BEGIN Supplied material
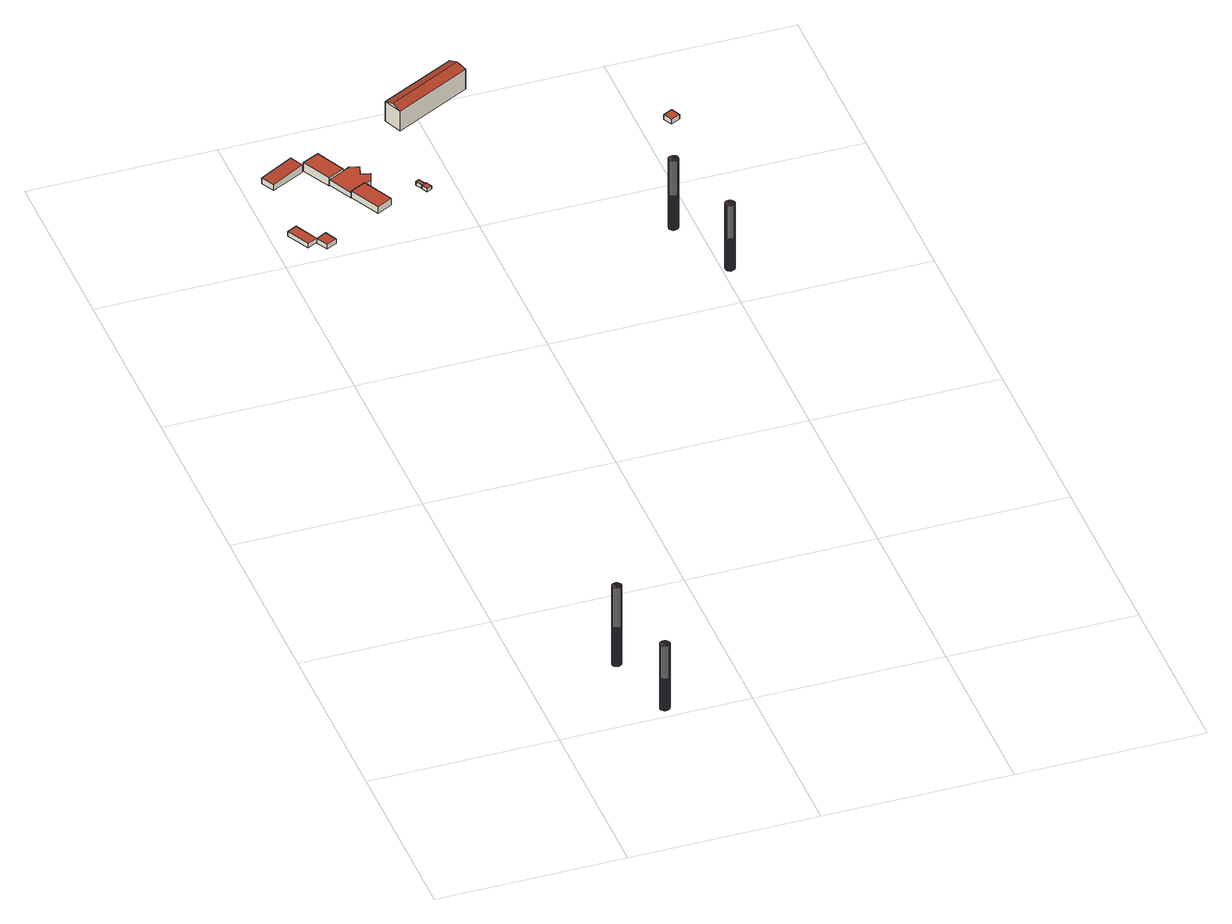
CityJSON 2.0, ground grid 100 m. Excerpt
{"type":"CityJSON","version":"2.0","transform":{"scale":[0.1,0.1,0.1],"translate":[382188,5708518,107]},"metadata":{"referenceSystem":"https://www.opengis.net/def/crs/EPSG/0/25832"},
"CityObjects":{
"building1":{"type":"Building","attributes":{"Geometrietyp2DReferenz":"1000","Gemeindeschluessel":"05911000","function":"51002_1251","roofType":"9999","measuredHeight":39.6},"geometry":[{"type":"Solid","lod":"2","boundaries":[[[[0,1,2]],[[3,4,5]],[[4,0,5]],[[6,7,3]],[[7,4,3]],[[8,9,6]],[[9,7,6]],[[10,11,8]],[[11,9,8]],[[12,13,10]],[[13,11,10]],[[14,15,12]],[[15,13,12]],[[16,17,14]],[[17,15,14]],[[18,19,16]],[[19,17,16]],[[20,21,18]],[[21,19,18]],[[22,23,20]],[[23,21,20]],[[24,25,22]],[[25,23,22]],[[26,27,24]],[[27,25,24]],[[28,29,26]],[[29,27,26]],[[30,31,28]],[[31,29,28]],[[32,33,30]],[[33,31,30]],[[34,35,32]],[[35,33,32]],[[36,37,34]],[[37,35,34]],[[38,39,36]],[[39,37,36]],[[2,1,38]],[[1,39,38]],[[5,0,2]],[[15,17,13]],[[17,19,13]],[[19,21,13]],[[21,23,13]],[[23,25,13]],[[25,27,13]],[[27,29,13]],[[29,31,13]],[[31,33,13]],[[33,35,13]],[[35,37,13]],[[37,39,13]],[[39,1,13]],[[1,0,13]],[[0,4,13]],[[4,7,13]],[[7,9,13]],[[9,11,13]],[[16,14,18]],[[14,12,18]],[[12,10,18]],[[10,8,18]],[[8,6,18]],[[6,3,18]],[[3,5,18]],[[5,2,18]],[[2,38,18]],[[38,36,18]],[[36,34,18]],[[34,32,18]],[[32,30,18]],[[30,28,18]],[[28,26,18]],[[26,24,18]],[[24,22,18]],[[22,20,18]]]],"semantics":{"surfaces":[{"type":"WallSurface"},{"type":"GroundSurface"},{"type":"RoofSurface"}],"values":[[0,0,0,0,0,0,0,0,0,0,0,0,0,0,0,0,0,0,0,0,0,0,0,0,0,0,0,0,0,0,0,0,0,0,0,0,0,0,0,0,1,1,1,1,1,1,1,1,1,1,1,1,1,1,1,1,1,1,2,2,2,2,2,2,2,2,2,2,2,2,2,2,2,2,2,2]]}}]},
"building2":{"type":"Building","attributes":{"Geometrietyp2DReferenz":"1000","Gemeindeschluessel":"05911000","function":"51002_1251","roofType":"9999","measuredHeight":48.02},"geometry":[{"type":"Solid","lod":"2","boundaries":[[[[40,41,42]],[[41,43,42]],[[44,45,40]],[[45,41,40]],[[46,47,44]],[[47,45,44]],[[48,49,46]],[[49,47,46]],[[50,51,48]],[[51,49,48]],[[52,53,50]],[[53,51,50]],[[54,55,52]],[[55,53,52]],[[56,57,54]],[[57,55,54]],[[58,59,56]],[[59,57,56]],[[60,61,58]],[[61,59,58]],[[62,63,60]],[[63,61,60]],[[64,65,62]],[[65,63,62]],[[66,67,64]],[[67,65,64]],[[68,69,66]],[[69,67,66]],[[70,71,68]],[[71,69,68]],[[72,73,70]],[[73,71,70]],[[74,75,72]],[[75,73,72]],[[76,77,74]],[[77,75,74]],[[78,79,76]],[[79,77,76]],[[42,43,78]],[[43,79,78]],[[43,41,79]],[[41,45,79]],[[45,47,79]],[[47,49,79]],[[49,51,79]],[[51,53,79]],[[53,55,79]],[[55,57,79]],[[57,59,79]],[[59,61,79]],[[61,63,79]],[[63,65,79]],[[65,67,79]],[[67,69,79]],[[69,71,79]],[[75,77,79]],[[71,73,79]],[[73,75,79]],[[40,42,44]],[[42,78,44]],[[78,76,44]],[[76,74,44]],[[74,72,44]],[[72,70,44]],[[70,68,44]],[[68,66,44]],[[66,64,44]],[[64,62,44]],[[62,60,44]],[[60,58,44]],[[58,56,44]],[[56,54,44]],[[54,52,44]],[[52,50,44]],[[50,48,44]],[[48,46,44]]]],"semantics":{"surfaces":[{"type":"WallSurface"},{"type":"GroundSurface"},{"type":"RoofSurface"}],"values":[[0,0,0,0,0,0,0,0,0,0,0,0,0,0,0,0,0,0,0,0,0,0,0,0,0,0,0,0,0,0,0,0,0,0,0,0,0,0,0,0,1,1,1,1,1,1,1,1,1,1,1,1,1,1,1,1,1,1,2,2,2,2,2,2,2,2,2,2,2,2,2,2,2,2,2,2]]}}]},
"building3":{"type":"Building","attributes":{"Gemeindeschluessel":"05911000","Geometrietyp2DReferenz":"3000","function":"31001_2100","roofType":"1000","measuredHeight":2.72,"storeysAboveGround":1},"geometry":[{"type":"Solid","lod":"2","boundaries":[[[[80,81,82,83]],[[84,85,81,80]],[[86,87,85,84]],[[83,82,87,86]],[[84,80,83,86]],[[81,85,87,82]]]],"semantics":{"surfaces":[{"type":"WallSurface"},{"type":"RoofSurface"},{"type":"GroundSurface"}],"values":[[0,0,0,0,1,2]]}}]},
"building4":{"type":"Building","attributes":{"Gemeindeschluessel":"05911000","Geometrietyp2DReferenz":"3000","function":"31001_2100","roofType":"1000","measuredHeight":2.79,"storeysAboveGround":1},"geometry":[{"type":"Solid","lod":"2","boundaries":[[[[88,89,90,84]],[[91,92,89,88]],[[93,94,92,91]],[[84,90,94,93]],[[91,88,84,93]],[[89,92,94,90]]]],"semantics":{"surfaces":[{"type":"WallSurface"},{"type":"RoofSurface"},{"type":"GroundSurface"}],"values":[[0,0,0,0,1,2]]}}]},
"building5":{"type":"Building","attributes":{"Gemeindeschluessel":"05911000","Geometrietyp2DReferenz":"3000","function":"31001_2100","roofType":"2100","measuredHeight":4.61,"storeysAboveGround":1},"address":[{"country":"Germany","locality":"Bochum","thoroughfareNumber":"45","thoroughfareName":"Dieselstr."}],"geometry":[{"type":"Solid","lod":"2","boundaries":[[[[95,96,97,98]],[[99,100,96,95]],[[101,102,100,99]],[[98,97,102,101]],[[99,95,98,101]],[[96,100,102,97]]]],"semantics":{"surfaces":[{"type":"WallSurface"},{"type":"RoofSurface"},{"type":"GroundSurface"}],"values":[[0,0,0,0,1,2]]}}]},
"building6":{"type":"Building","attributes":{"Gemeindeschluessel":"05911000","Geometrietyp2DReferenz":"3000","function":"31001_2100","roofType":"1000","measuredHeight":5.05,"storeysAboveGround":1},"geometry":[{"type":"Solid","lod":"2","boundaries":[[[[103,104,105,106]],[[107,108,104,103]],[[109,110,108,107]],[[106,105,110,109]],[[107,103,106,109]],[[104,108,110,105]]]],"semantics":{"surfaces":[{"type":"WallSurface"},{"type":"RoofSurface"},{"type":"GroundSurface"}],"values":[[0,0,0,0,1,2]]}}]},
"building7":{"type":"Building","attributes":{"Gemeindeschluessel":"05911000","Geometrietyp2DReferenz":"3000","function":"31001_2100","roofType":"1000","measuredHeight":4.09,"storeysAboveGround":1},"geometry":[{"type":"Solid","lod":"2","boundaries":[[[[111,112,113,114]],[[115,116,112,111]],[[117,118,116,115]],[[114,113,118,117]],[[115,111,114,117]],[[112,116,118,113]]]],"semantics":{"surfaces":[{"type":"WallSurface"},{"type":"RoofSurface"},{"type":"GroundSurface"}],"values":[[0,0,0,0,1,2]]}}]},
"building8":{"type":"Building","attributes":{"Gemeindeschluessel":"05911000","Geometrietyp2DReferenz":"3000","function":"31001_2100","roofType":"1000","measuredHeight":3.35,"storeysAboveGround":1},"address":[{"country":"Germany","locality":"Bochum","thoroughfareNumber":"43a","thoroughfareName":"Dieselstr."}],"geometry":[{"type":"Solid","lod":"2","boundaries":[[[[119,120,121,122]],[[123,124,120,119]],[[125,126,124,123]],[[127,128,126,125]],[[129,130,128,127]],[[131,132,130,129]],[[133,134,132,131]],[[135,136,134,133]],[[122,121,136,135]],[[133,131,129,127,125,123,119,122,135]],[[120,124,126,128,130,132,134,136,121]]]],"semantics":{"surfaces":[{"type":"WallSurface"},{"type":"RoofSurface"},{"type":"GroundSurface"}],"values":[[0,0,0,0,0,0,0,0,0,1,2]]}}]},
"building9":{"type":"Building","attributes":{"Gemeindeschluessel":"05911000","Geometrietyp2DReferenz":"3000","function":"31001_2723","roofType":"1000","measuredHeight":2.27,"storeysAboveGround":1},"geometry":[{"type":"Solid","lod":"2","boundaries":[[[[137,138,139,140]],[[141,142,138,137]],[[143,144,142,141]],[[140,139,144,143]],[[141,137,140,143]],[[138,142,144,139]]]],"semantics":{"surfaces":[{"type":"WallSurface"},{"type":"RoofSurface"},{"type":"GroundSurface"}],"values":[[0,0,0,0,1,2]]}}]},
"building10":{"type":"Building","attributes":{"Gemeindeschluessel":"05911000","Geometrietyp2DReferenz":"3000","function":"31001_2723","roofType":"1000","measuredHeight":2.17,"storeysAboveGround":1},"geometry":[{"type":"Solid","lod":"2","boundaries":[[[[145,144,146,147]],[[148,142,144,145]],[[149,150,142,148]],[[151,152,150,149]],[[147,146,152,151]],[[149,148,145,147,151]],[[144,142,150,152,146]]]],"semantics":{"surfaces":[{"type":"WallSurface"},{"type":"RoofSurface"},{"type":"GroundSurface"}],"values":[[0,0,0,0,0,1,2]]}}]},
"building11":{"type":"Building","attributes":{"Gemeindeschluessel":"05911000","Geometrietyp2DReferenz":"3000","function":"31001_2100","roofType":"3100","measuredHeight":13.99,"storeysAboveGround":3},"address":[{"country":"Germany","locality":"Bochum","thoroughfareNumber":"41","thoroughfareName":"Dieselstr."}],"geometry":[{"type":"Solid","lod":"2","boundaries":[[[[153,154,155,156]],[[157,158,154,153]],[[159,160,158,157]],[[156,155,160,159]],[[153,161,157]],[[159,162,156]],[[156,162,161,153]],[[157,161,162,159]],[[154,158,160,155]]]],"semantics":{"surfaces":[{"type":"WallSurface"},{"type":"RoofSurface"},{"type":"GroundSurface"}],"values":[[0,0,0,0,0,0,1,1,2]]}}]},
"building12":{"type":"Building","attributes":{"Geometrietyp2DReferenz":"1000","Gemeindeschluessel":"05911000","function":"51002_1251","roofType":"9999","measuredHeight":42.42},"geometry":[{"type":"Solid","lod":"2","boundaries":[[[[163,164,165]],[[164,166,165]],[[167,168,163]],[[168,164,163]],[[169,170,167]],[[170,168,167]],[[171,172,169]],[[172,170,169]],[[173,174,171]],[[174,172,171]],[[175,176,173]],[[176,174,173]],[[177,178,175]],[[178,176,175]],[[179,180,177]],[[180,178,177]],[[181,182,179]],[[182,180,179]],[[183,184,181]],[[184,182,181]],[[185,186,183]],[[186,184,183]],[[187,188,185]],[[188,186,185]],[[189,190,187]],[[190,188,187]],[[191,192,189]],[[192,190,189]],[[193,194,191]],[[194,192,191]],[[195,196,193]],[[196,194,193]],[[197,198,195]],[[198,196,195]],[[199,200,197]],[[200,198,197]],[[201,202,199]],[[202,200,199]],[[165,166,201]],[[166,202,201]],[[166,164,202]],[[164,168,202]],[[168,170,202]],[[170,172,202]],[[172,174,202]],[[174,176,202]],[[176,178,202]],[[178,180,202]],[[180,182,202]],[[182,184,202]],[[184,186,202]],[[186,188,202]],[[188,190,202]],[[190,192,202]],[[192,194,202]],[[194,196,202]],[[196,198,202]],[[198,200,202]],[[199,197,167]],[[163,165,167]],[[165,201,167]],[[201,199,167]],[[197,195,167]],[[195,193,167]],[[193,191,167]],[[191,189,167]],[[189,187,167]],[[187,185,167]],[[185,183,167]],[[183,181,167]],[[181,179,167]],[[179,177,167]],[[177,175,167]],[[175,173,167]],[[173,171,167]],[[171,169,167]]]],"semantics":{"surfaces":[{"type":"WallSurface"},{"type":"GroundSurface"},{"type":"RoofSurface"}],"values":[[0,0,0,0,0,0,0,0,0,0,0,0,0,0,0,0,0,0,0,0,0,0,0,0,0,0,0,0,0,0,0,0,0,0,0,0,0,0,0,0,1,1,1,1,1,1,1,1,1,1,1,1,1,1,1,1,1,1,2,2,2,2,2,2,2,2,2,2,2,2,2,2,2,2,2,2]]}}]},
"building13":{"type":"Building","attributes":{"Geometrietyp2DReferenz":"1000","Gemeindeschluessel":"05911000","function":"51002_1251","roofType":"9999","measuredHeight":40.04},"geometry":[{"type":"Solid","lod":"2","boundaries":[[[[203,204,205]],[[204,206,205]],[[207,208,203]],[[208,204,203]],[[209,210,207]],[[210,208,207]],[[211,212,209]],[[212,210,209]],[[213,214,211]],[[214,212,211]],[[215,216,213]],[[216,214,213]],[[217,218,215]],[[218,216,215]],[[219,220,217]],[[220,218,217]],[[221,222,219]],[[222,220,219]],[[223,224,221]],[[224,222,221]],[[225,226,223]],[[226,224,223]],[[227,228,225]],[[228,226,225]],[[229,230,227]],[[230,228,227]],[[231,232,229]],[[232,230,229]],[[233,234,231]],[[234,232,231]],[[235,236,233]],[[236,234,233]],[[237,238,235]],[[238,236,235]],[[239,240,237]],[[240,238,237]],[[241,242,239]],[[242,240,239]],[[205,206,241]],[[206,242,241]],[[206,204,242]],[[204,208,242]],[[208,210,242]],[[210,212,242]],[[212,214,242]],[[214,216,242]],[[216,218,242]],[[218,220,242]],[[220,222,242]],[[222,224,242]],[[224,226,242]],[[226,228,242]],[[228,230,242]],[[230,232,242]],[[232,234,242]],[[234,236,242]],[[236,238,242]],[[238,240,242]],[[203,205,207]],[[205,241,207]],[[241,239,207]],[[239,237,207]],[[237,235,207]],[[235,233,207]],[[233,231,207]],[[231,229,207]],[[229,227,207]],[[227,225,207]],[[225,223,207]],[[223,221,207]],[[221,219,207]],[[219,217,207]],[[217,215,207]],[[215,213,207]],[[213,211,207]],[[211,209,207]]]],"semantics":{"surfaces":[{"type":"WallSurface"},{"type":"GroundSurface"},{"type":"RoofSurface"}],"values":[[0,0,0,0,0,0,0,0,0,0,0,0,0,0,0,0,0,0,0,0,0,0,0,0,0,0,0,0,0,0,0,0,0,0,0,0,0,0,0,0,1,1,1,1,1,1,1,1,1,1,1,1,1,1,1,1,1,1,2,2,2,2,2,2,2,2,2,2,2,2,2,2,2,2,2,2]]}}]},
"building14":{"type":"Building","attributes":{"Gemeindeschluessel":"05911000","Geometrietyp2DReferenz":"3000","function":"31001_2500","roofType":"1000","measuredHeight":2.95,"storeysAboveGround":1},"geometry":[{"type":"Solid","lod":"2","boundaries":[[[[243,244,245,246]],[[247,248,244,243]],[[249,250,248,247]],[[246,245,250,249]],[[247,243,246,249]],[[244,248,250,245]]]],"semantics":{"surfaces":[{"type":"WallSurface"},{"type":"RoofSurface"},{"type":"GroundSurface"}],"values":[[0,0,0,0,1,2]]}}]}
},
"vertices":[
[535,42,37],[532,35,37],[532,35,433],[539,48,433],[539,48,37],[535,42,433],[546,53,433],[546,53,37],[553,55,433],[553,55,37],[561,55,433],[561,55,37],[568,53,433],[568,53,37],[575,48,433],[575,48,37],[579,42,433],[579,42,37],[582,35,433],[582,35,37],[582,27,433],[582,27,37],[579,19,433],[579,19,37],[575,13,433],[575,13,37],[568,8,433],[568,8,37],[561,6,433],[561,6,37],[553,6,433],[553,6,37],[546,8,433],[546,8,37],[539,13,433],[539,13,37],[535,19,433],[535,19,37],[532,27,433],[532,27,37],
[490,494,485],[490,494,5],[485,500,485],[485,500,5],[492,487,485],[492,487,5],[492,479,485],[492,479,5],[490,471,485],[490,471,5],[485,465,485],[485,465,5],[479,460,485],[479,460,5],[471,458,485],[471,458,5],[463,458,485],[463,458,5],[456,460,485],[456,460,5],[450,465,485],[450,465,5],[445,471,485],[445,471,5],[443,479,485],[443,479,5],[443,487,485],[443,487,5],[445,494,485],[445,494,5],[450,500,485],[450,500,5],[456,505,485],[456,505,5],[463,507,485],[463,507,5],[471,507,485],[471,507,5],[479,505,485],[479,505,5],
[55,4010,241],[55,4010,214],[2,3984,214],[2,3984,241],[118,3885,241],[118,3885,214],[65,3859,241],[65,3859,214],
[173,3913,241],[173,3913,213],[118,3885,213],[205,3848,241],[205,3848,213],[150,3821,241],[150,3821,213],
[210,4528,245],[210,4528,199],[28,4438,199],[28,4438,234],[246,4457,245],[246,4457,199],[64,4366,234],[64,4366,199],
[341,4503,256],[341,4503,206],[251,4458,206],[251,4458,256],[418,4346,256],[418,4346,206],[329,4302,256],[329,4302,206],
[479,4208,256],[479,4208,216],[396,4167,216],[396,4167,256],[561,4045,256],[561,4045,216],[477,4004,256],[477,4004,216],
[520,4229,245],[520,4229,212],[537,4279,212],[537,4279,245],[479,4208,245],[479,4208,212],[396,4167,245],[396,4167,212],[329,4302,245],[329,4302,212],[418,4346,245],[418,4346,212],[453,4364,245],[453,4364,212],[503,4347,245],[503,4347,212],[487,4296,245],[487,4296,212],
[744,4163,240],[744,4163,217],[726,4154,217],[726,4154,240],[762,4126,240],[762,4126,217],[744,4117,240],[744,4117,217],
[744,4117,238],[760,4084,217],[760,4084,238],[762,4126,238],[770,4131,238],[770,4131,217],[787,4098,238],[787,4098,217],
[1169,4911,322],[1169,4911,202],[761,4705,202],[761,4705,322],[1217,4816,322],[1217,4816,202],[806,4607,322],[806,4607,202],[1192,4864,341],[783,4657,341],
[1872,3573,523],[1872,3573,99],[1867,3579,523],[1867,3579,99],[1874,3565,523],[1874,3565,99],[1874,3558,523],[1874,3558,99],[1872,3550,523],[1872,3550,99],[1867,3544,523],[1867,3544,99],[1861,3539,523],[1861,3539,99],[1853,3537,523],[1853,3537,99],[1846,3537,523],[1846,3537,99],[1838,3539,523],[1838,3539,99],[1832,3544,523],[1832,3544,99],[1827,3550,523],[1827,3550,99],[1825,3558,523],[1825,3558,99],[1825,3565,523],[1825,3565,99],[1827,3573,523],[1827,3573,99],[1832,3579,523],[1832,3579,99],[1838,3584,523],[1838,3584,99],[1846,3586,523],[1846,3586,99],[1853,3586,523],[1853,3586,99],[1861,3584,523],[1861,3584,99],
[2033,3200,477],[2033,3200,77],[2028,3206,477],[2028,3206,77],[2035,3193,477],[2035,3193,77],[2035,3185,477],[2035,3185,77],[2033,3177,477],[2033,3177,77],[2028,3171,477],[2028,3171,77],[2022,3167,477],[2022,3167,77],[2014,3164,477],[2014,3164,77],[2006,3164,477],[2006,3164,77],[1999,3167,477],[1999,3167,77],[1993,3171,477],[1993,3171,77],[1988,3177,477],[1988,3177,77],[1986,3185,477],[1986,3185,77],[1986,3193,477],[1986,3193,77],[1988,3200,477],[1988,3200,77],[1993,3206,477],[1993,3206,77],[1999,3211,477],[1999,3211,77],[2006,3213,477],[2006,3213,77],[2014,3213,477],[2014,3213,77],[2022,3211,477],[2022,3211,77],
[2128,4377,160],[2128,4377,130],[2079,4352,130],[2079,4352,160],[2152,4328,160],[2152,4328,130],[2103,4303,160],[2103,4303,130]
]}
END Supplied material
What is being asked
What are the lines of the data above that include the string "CityJSON"? Copy them.

Answer to this exercise
CityJSON 2.0, ground grid 100 m. Excerpt
{"type":"CityJSON","version":"2.0","transform":{"scale":[0.1,0.1,0.1],"translate":[382188,5708518,107]},"metadata":{"referenceSystem":"https://www.opengis.net/def/crs/EPSG/0/25832"},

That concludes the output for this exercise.